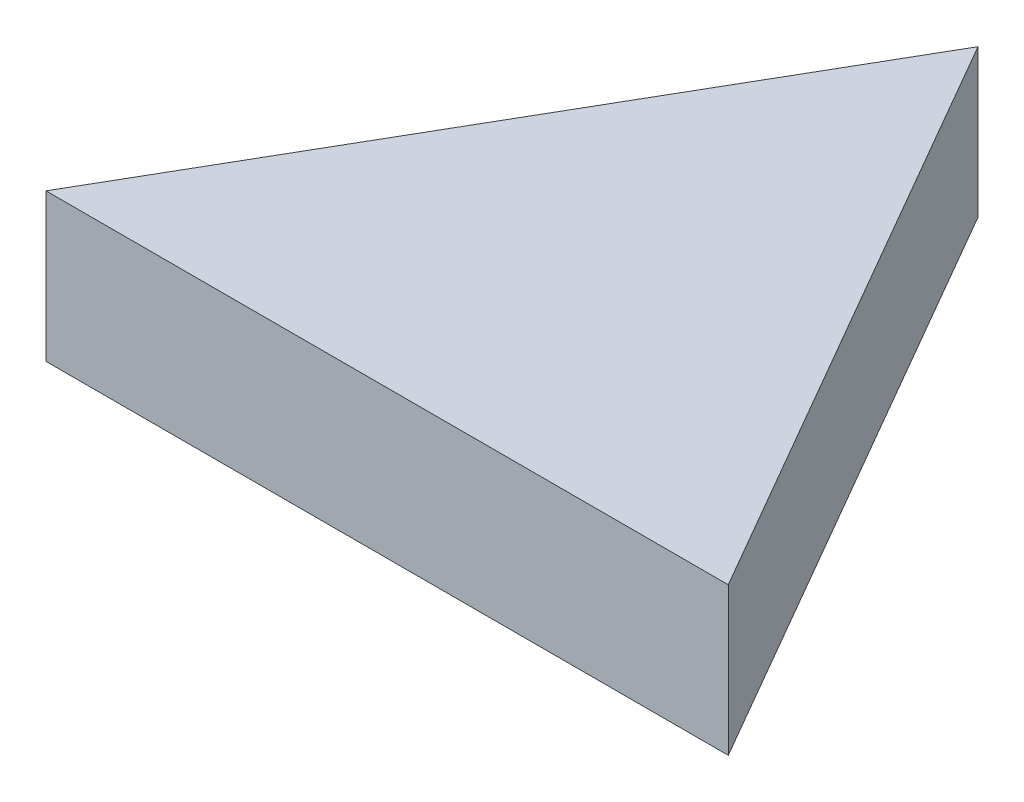
ISO-10303-21;
HEADER;
FILE_DESCRIPTION(('STEP AP214'),'2;1');
FILE_NAME('part.step','',(''),(''),'','','');
FILE_SCHEMA(('AUTOMOTIVE_DESIGN { 1 0 10303 214 1 1 1 1 }'));
ENDSEC;
DATA;
#1=APPLICATION_CONTEXT('core data for automotive mechanical design processes');
#2=APPLICATION_PROTOCOL_DEFINITION('international standard','automotive_design',2000,#1);
#3=PRODUCT_CONTEXT('',#1,'mechanical');
#4=PRODUCT('Part','Part','',(#3));
#5=PRODUCT_RELATED_PRODUCT_CATEGORY('part','',(#4));
#6=PRODUCT_DEFINITION_FORMATION('','',#4);
#7=PRODUCT_DEFINITION_CONTEXT('part definition',#1,'design');
#8=PRODUCT_DEFINITION('design','',#6,#7);
#9=PRODUCT_DEFINITION_SHAPE('','',#8);
#10=(LENGTH_UNIT() NAMED_UNIT(*) SI_UNIT(.MILLI.,.METRE.));
#11=(NAMED_UNIT(*) PLANE_ANGLE_UNIT() SI_UNIT($,.RADIAN.));
#12=(NAMED_UNIT(*) SI_UNIT($,.STERADIAN.) SOLID_ANGLE_UNIT());
#13=UNCERTAINTY_MEASURE_WITH_UNIT(LENGTH_MEASURE(1.E-05),#10,'distance_accuracy_value','');
#14=(GEOMETRIC_REPRESENTATION_CONTEXT(3) GLOBAL_UNCERTAINTY_ASSIGNED_CONTEXT((#13)) GLOBAL_UNIT_ASSIGNED_CONTEXT((#10,
#11,#12)) REPRESENTATION_CONTEXT('',''));
#15=CARTESIAN_POINT('',(0.,0.,0.));
#16=DIRECTION('',(0.,0.,1.));
#17=DIRECTION('',(1.,0.,0.));
#18=AXIS2_PLACEMENT_3D('',#15,#16,#17);
#19=CARTESIAN_POINT('',(14.6646968374166,6.35,8.46666666666654));
#20=DIRECTION('',(-0.866025403784436,0.,0.500000000000004));
#21=DIRECTION('',(0.500000000000004,0.,0.866025403784436));
#22=AXIS2_PLACEMENT_3D('',#19,#20,#21);
#23=PLANE('',#22);
#24=DIRECTION('',(-0.500000000000004,0.,-0.866025403784436));
#25=VECTOR('',#24,1.);
#26=CARTESIAN_POINT('',(14.6646968374166,0.,8.46666666666654));
#27=LINE('',#26,#25);
#28=CARTESIAN_POINT('',(14.6646968374166,0.,8.46666666666654));
#29=VERTEX_POINT('',#28);
#30=CARTESIAN_POINT('',(0.,0.,-16.9333333333334));
#31=VERTEX_POINT('',#30);
#32=EDGE_CURVE('E89',#29,#31,#27,.T.);
#33=ORIENTED_EDGE('',*,*,#32,.T.);
#34=DIRECTION('',(0.,-1.,0.));
#35=VECTOR('',#34,1.);
#36=CARTESIAN_POINT('',(0.,6.35,-16.9333333333334));
#37=LINE('',#36,#35);
#38=CARTESIAN_POINT('',(0.,6.35,-16.9333333333334));
#39=VERTEX_POINT('',#38);
#40=EDGE_CURVE('E11',#39,#31,#37,.T.);
#41=ORIENTED_EDGE('',*,*,#40,.F.);
#42=DIRECTION('',(-0.500000000000004,0.,-0.866025403784436));
#43=VECTOR('',#42,1.);
#44=CARTESIAN_POINT('',(14.6646968374166,6.35,8.46666666666654));
#45=LINE('',#44,#43);
#46=CARTESIAN_POINT('',(14.6646968374166,6.35,8.46666666666654));
#47=VERTEX_POINT('',#46);
#48=EDGE_CURVE('E81',#47,#39,#45,.T.);
#49=ORIENTED_EDGE('',*,*,#48,.F.);
#50=DIRECTION('',(0.,-1.,0.));
#51=VECTOR('',#50,1.);
#52=CARTESIAN_POINT('',(14.6646968374166,6.35,8.46666666666654));
#53=LINE('',#52,#51);
#54=EDGE_CURVE('E90',#47,#29,#53,.T.);
#55=ORIENTED_EDGE('',*,*,#54,.T.);
#56=EDGE_LOOP('',(#33,#41,#49,#55));
#57=FACE_BOUND('',#56,.T.);
#58=ADVANCED_FACE('F39',(#57),#23,.F.);
#59=CARTESIAN_POINT('',(0.,6.35,-16.9333333333334));
#60=DIRECTION('',(0.86602540378444,0.,0.499999999999998));
#61=DIRECTION('',(0.499999999999998,0.,-0.86602540378444));
#62=AXIS2_PLACEMENT_3D('',#59,#60,#61);
#63=PLANE('',#62);
#64=DIRECTION('',(-0.499999999999998,0.,0.86602540378444));
#65=VECTOR('',#64,1.);
#66=CARTESIAN_POINT('',(0.,0.,-16.9333333333334));
#67=LINE('',#66,#65);
#68=CARTESIAN_POINT('',(-14.6646968374165,0.,8.46666666666674));
#69=VERTEX_POINT('',#68);
#70=EDGE_CURVE('E68',#31,#69,#67,.T.);
#71=ORIENTED_EDGE('',*,*,#70,.T.);
#72=DIRECTION('',(0.,-1.,0.));
#73=VECTOR('',#72,1.);
#74=CARTESIAN_POINT('',(-14.6646968374165,6.35,8.46666666666674));
#75=LINE('',#74,#73);
#76=CARTESIAN_POINT('',(-14.6646968374165,6.35,8.46666666666674));
#77=VERTEX_POINT('',#76);
#78=EDGE_CURVE('E48',#77,#69,#75,.T.);
#79=ORIENTED_EDGE('',*,*,#78,.F.);
#80=DIRECTION('',(-0.499999999999998,0.,0.86602540378444));
#81=VECTOR('',#80,1.);
#82=CARTESIAN_POINT('',(0.,6.35,-16.9333333333334));
#83=LINE('',#82,#81);
#84=EDGE_CURVE('E76',#39,#77,#83,.T.);
#85=ORIENTED_EDGE('',*,*,#84,.F.);
#86=ORIENTED_EDGE('',*,*,#40,.T.);
#87=EDGE_LOOP('',(#71,#79,#85,#86));
#88=FACE_BOUND('',#87,.T.);
#89=ADVANCED_FACE('F77',(#88),#63,.F.);
#90=CARTESIAN_POINT('',(-14.6646968374165,6.35,8.46666666666674));
#91=DIRECTION('',(0.,0.,-1.));
#92=DIRECTION('',(-1.,0.,0.));
#93=AXIS2_PLACEMENT_3D('',#90,#91,#92);
#94=PLANE('',#93);
#95=DIRECTION('',(1.,0.,0.));
#96=VECTOR('',#95,1.);
#97=CARTESIAN_POINT('',(-14.6646968374165,0.,8.46666666666674));
#98=LINE('',#97,#96);
#99=EDGE_CURVE('E73',#69,#29,#98,.T.);
#100=ORIENTED_EDGE('',*,*,#99,.T.);
#101=ORIENTED_EDGE('',*,*,#54,.F.);
#102=DIRECTION('',(1.,0.,0.));
#103=VECTOR('',#102,1.);
#104=CARTESIAN_POINT('',(-14.6646968374165,6.35,8.46666666666674));
#105=LINE('',#104,#103);
#106=EDGE_CURVE('E56',#77,#47,#105,.T.);
#107=ORIENTED_EDGE('',*,*,#106,.F.);
#108=ORIENTED_EDGE('',*,*,#78,.T.);
#109=EDGE_LOOP('',(#100,#101,#107,#108));
#110=FACE_BOUND('',#109,.T.);
#111=ADVANCED_FACE('F102',(#110),#94,.F.);
#112=CARTESIAN_POINT('',(0.,6.35,0.));
#113=DIRECTION('',(0.,1.,0.));
#114=DIRECTION('',(0.,0.,1.));
#115=AXIS2_PLACEMENT_3D('',#112,#113,#114);
#116=PLANE('',#115);
#117=ORIENTED_EDGE('',*,*,#48,.T.);
#118=ORIENTED_EDGE('',*,*,#84,.T.);
#119=ORIENTED_EDGE('',*,*,#106,.T.);
#120=EDGE_LOOP('',(#117,#118,#119));
#121=FACE_BOUND('',#120,.T.);
#122=ADVANCED_FACE('F84',(#121),#116,.T.);
#123=CARTESIAN_POINT('',(0.,0.,0.));
#124=DIRECTION('',(0.,1.,0.));
#125=DIRECTION('',(0.,0.,1.));
#126=AXIS2_PLACEMENT_3D('',#123,#124,#125);
#127=PLANE('',#126);
#128=ORIENTED_EDGE('',*,*,#32,.F.);
#129=ORIENTED_EDGE('',*,*,#99,.F.);
#130=ORIENTED_EDGE('',*,*,#70,.F.);
#131=EDGE_LOOP('',(#128,#129,#130));
#132=FACE_BOUND('',#131,.T.);
#133=ADVANCED_FACE('F103',(#132),#127,.F.);
#134=CLOSED_SHELL('',(#58,#89,#111,#122,#133));
#135=MANIFOLD_SOLID_BREP('B2',#134);
#136=ADVANCED_BREP_SHAPE_REPRESENTATION('',(#18,#135),#14);
#137=SHAPE_DEFINITION_REPRESENTATION(#9,#136);
ENDSEC;
END-ISO-10303-21;

* * * *

> _Problem requirements_:
Each line in the entries above, starting at the line with "#48=EDGE_CURVE('E81',#47,#39,#45,.T.);" and ending at the line with "#55=ORIENTED_EDGE('',*,*,#54,.T.);", is to be printed exactly, and only those lines.

> _Response to the exercise_:
#48=EDGE_CURVE('E81',#47,#39,#45,.T.);
#49=ORIENTED_EDGE('',*,*,#48,.F.);
#50=DIRECTION('',(0.,-1.,0.));
#51=VECTOR('',#50,1.);
#52=CARTESIAN_POINT('',(14.6646968374166,6.35,8.46666666666654));
#53=LINE('',#52,#51);
#54=EDGE_CURVE('E90',#47,#29,#53,.T.);
#55=ORIENTED_EDGE('',*,*,#54,.T.);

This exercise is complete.